An enhanced equality operator

The common package contains an enhanced equality operator. The objective of the %eq% operator is to return a TRUE or FALSE value when any two objects are compared. This enhanced equality operator is useful for situations when you don’t want to check for NULL or NA values, or care about the data types of the objects you are comparing.

The %eq% operator also compares data frames. The comparison will include all data values, but no attributes. This functionality is particularly useful when comparing tibbles, as tibbles often have many attributes assigned by dplyr functions.

Below is an example of several comparisons using the %eq% infix operator:


# Comparing of NULLs and NA
NULL %eq% NULL        # TRUE
NULL %eq% NA          # FALSE
NA %eq% NA            # TRUE
1 %eq% NULL           # FALSE
1 %eq% NA             # FALSE

# Comparing of atomic values
1 %eq% 1              # TRUE
"one" %eq% "one"      # TRUE
1 %eq% "one"          # FALSE
1 %eq% Sys.Date()     # FALSE

# Comparing of vectors
v1 <- c("A", "B", "C")
v2 <- c("A", "B", "C", "D")
v1 %eq% v1            # TRUE
v1 %eq% v2            # FALSE

# Comparing of data frames
mtcars %eq% mtcars    # TRUE
mtcars %eq% iris      # FALSE
iris %eq% iris[1:50,] # FALSE

# Mixing it up 
mtcars %eq% NULL      # FALSE
v1 %eq% NA            # FALSE
1 %eq% v1             # FALSE

While it can be advantageous to have a comparison operator that does not give errors when encountering a NULL or NA value, note that this behavior can also mask problems with your code. Therefore, use the %eq% operator with care.

Getting the current path

Most programming languages provide a simple way to get the path of the currently running program. This basic feature has been left out of R. The Sys.path() function aims to make up for the oversight.

# Get current path
pth <- Sys.path()

# View path
pth
# [1] "C:/packages/common/vignettes/common.Rmd"

Note that this function returns the full path of the currently running program, including the file name and extension. This functionality is different from getwd(), which returns only the current working directory.

Credit for this function goes to Andrew Simmons and the this.path package. The this.path functionality is renamed and provided here out of convenience.

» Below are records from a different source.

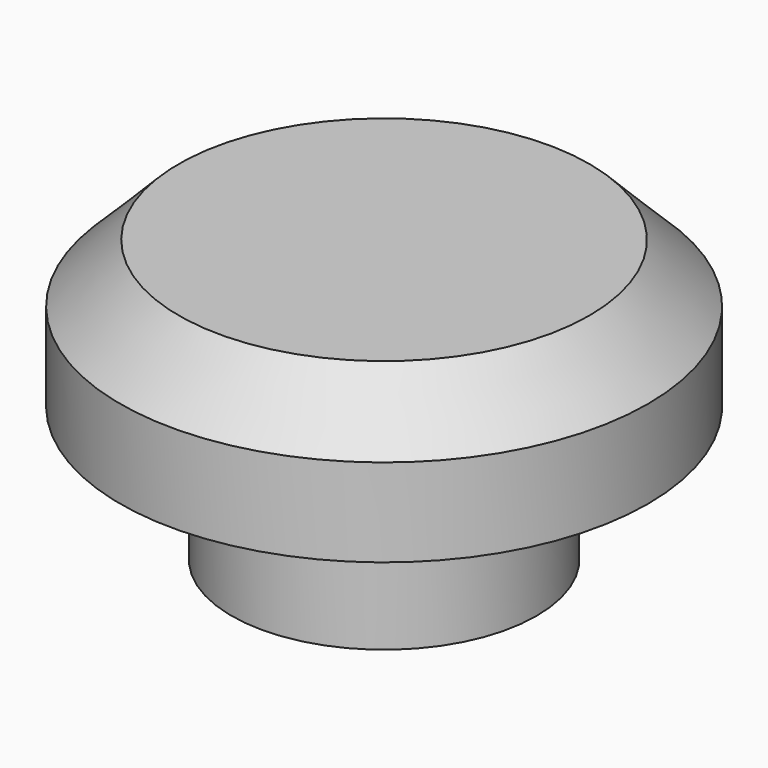
from build123d import *

# Parameters (mm, degrees)
F2_SIZE = 1
F3_SIZE = 0.24999


# Not quite as in the source:
# - a fillet or chamfer is up to 0.001 mm smaller than in the source, because OpenCascade refuses the exact size


with BuildPart() as f1:
    # F0 (on Front) → F1 (revolve)
    with BuildSketch(Plane.XZ):
        Polygon((0, 4.8), (0, 0), (2.6, 0), (2.6, 2.2), (2.35, 2.2), (2.35, 2.3), (2.6, 2.3), (4.5, 2.3), (4.5, 4.8), align=None)
    revolve(axis=Axis((0, 0, 2.4), (0, 0, -1)))

    # F2
    f2_edges = [f1.edges().sort_by_distance(p)[0] for p in [
        (-4.5, 0, 4.8),
    ]]
    chamfer(f2_edges, length=F2_SIZE)

    # F3 (size 0.25 in the source; OpenCascade refuses exactly that, so slightly less here)
    f3_edges = [f1.edges().sort_by_distance(p)[0] for p in [
        (-2.6, 0, 2.2),
    ]]
    chamfer(f3_edges, length=F3_SIZE)


solid = f1.part
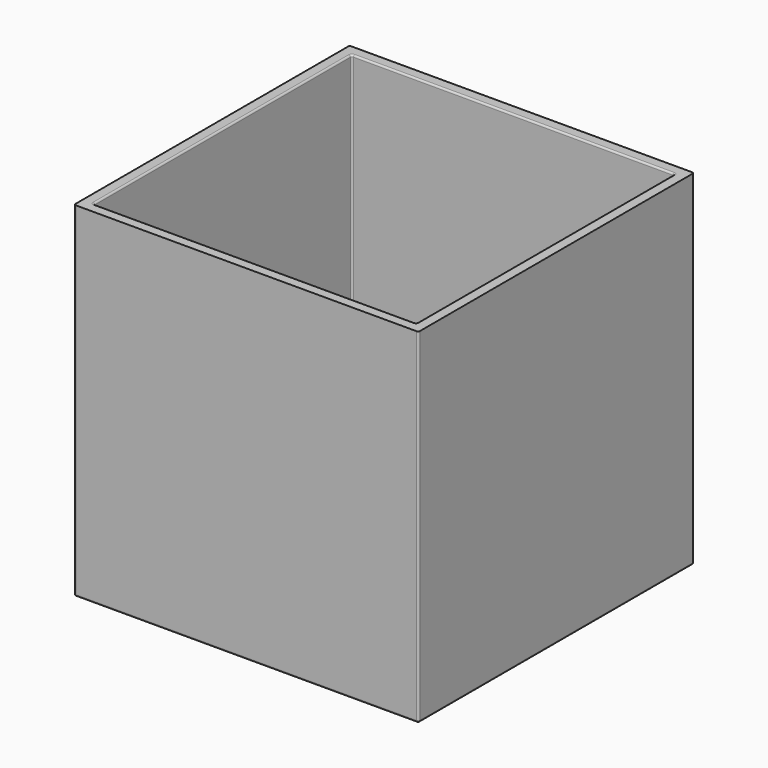
from build123d import *

# Parameters (mm, degrees)
F0_W         = 50.8
F0_H         = 50.8
F1_DEPTH     = 1.5875
F2_W         = 50.8
F2_H         = 50.8
F2_W_2       = 47.625
F2_H_2       = 47.625
F3_DEPTH     = 49.2125
F4_R         = 0.254
F5_TEXT_SIZE = 3.7101570244
F6_DEPTH     = 0.254


# Not quite as in the source:
# - Text() gives the source's letters only with a copy of the font that has no kerning and outlines rounded to 1/6400 em; it was checked with that copy


with BuildPart() as f1:
    # F0 (on Top) → F1 (new body)
    with BuildSketch(Plane.XY):
        Rectangle(F0_W, F0_H)
    extrude(amount=F1_DEPTH)

    # F2 (on face) → F3 (join)
    with BuildSketch(Plane.XY.offset(1.5875)):
        Rectangle(F2_W, F2_H)
        Rectangle(F2_W_2, F2_H_2, mode=Mode.SUBTRACT)
    extrude(amount=F3_DEPTH)

    # F4
    f4_edges = [f1.edges().sort_by_distance(p)[0] for p in [
        (-23.8125, 0, 1.5875),
        (-23.8125, -23.8125, 26.19375),
        (0, -23.8125, 1.5875),
        (-23.8125, 0, 50.8),
        (0, -23.8125, 50.8),
        (0, 23.8125, 1.5875),
        (-23.8125, 23.8125, 26.19375),
        (0, 23.8125, 50.8),
        (23.8125, 23.8125, 26.19375),
        (23.8125, 0, 1.5875),
        (23.8125, 0, 50.8),
        (23.8125, -23.8125, 26.19375),
        (-25.4, -25.4, 25.4),
        (25.4, -25.4, 25.4),
        (25.4, 25.4, 25.4),
        (-25.4, 25.4, 25.4),
        (-25.4, 0, 0),
        (0, -25.4, 0),
        (0, 25.4, 0),
        (25.4, 0, 0),
    ]]
    fillet(f4_edges, radius=F4_R)

    # F5 (on face) → F6 (cut)
    with BuildSketch(Plane(origin=(0, 25.4, 0), x_dir=(-1, 0, 0), z_dir=(0, 1, 0))):
        with Locations((-22.225, 35.4286869425)):
            Text('3-Prong PWM Connectors', F5_TEXT_SIZE, font='Open Sans', text_align=(TextAlign.LEFT, TextAlign.BOTTOM))
    extrude(amount=-F6_DEPTH, mode=Mode.SUBTRACT)


solid = f1.part

An alternate rounding function

As everyone knows, the R round() function rounds to the nearest even. For example:

# Prepare sample vector 
v1 <- seq(0.5,9.5,by=1)
v1
# [1] 0.5 1.5 2.5 3.5 4.5 5.5 6.5 7.5 8.5 9.5

# Base R round function
r1 <- round(v1)

# Rounds to nearest even
r1
# [1]  0  2  2  4  4  6  6  8  8 10

However, humans and other software systems usually round 5 up. The reasons for R rounding the way it does are valid. Yet this difference in the way R rounds sometimes makes it difficult to compare R results to results from other software systems, particularly SAS®. It would be convenient if there were another rounding function that could be used when trying to compare R results to SAS®.

That is the purpose of the roundup() function. Observe the differences in output to what was shown above:

# Round up function
r2 <- roundup(v1)

# Rounds 5 up
r2
# [1]  1  2  3  4  5  6  7  8  9 10

Note that the function behaves differently when rounding negative values.

# Negate original vector
v2 <- -v1
v2
# [1] -0.5 -1.5 -2.5 -3.5 -4.5 -5.5 -6.5 -7.5 -8.5 -9.5

# Rounding negative values
r3 <- roundup(v2)

# Rounds away from zero
r3
# [1]  -1  -2  -3  -4  -5  -6  -7  -8  -9 -10

As you can see, when dealing with negative numbers, the roundup() function actually rounds down. “Round away from zero” is the best description of this function. The rounding logic of the roundup() function matches SAS® software, and can be used when comparing output between the two systems.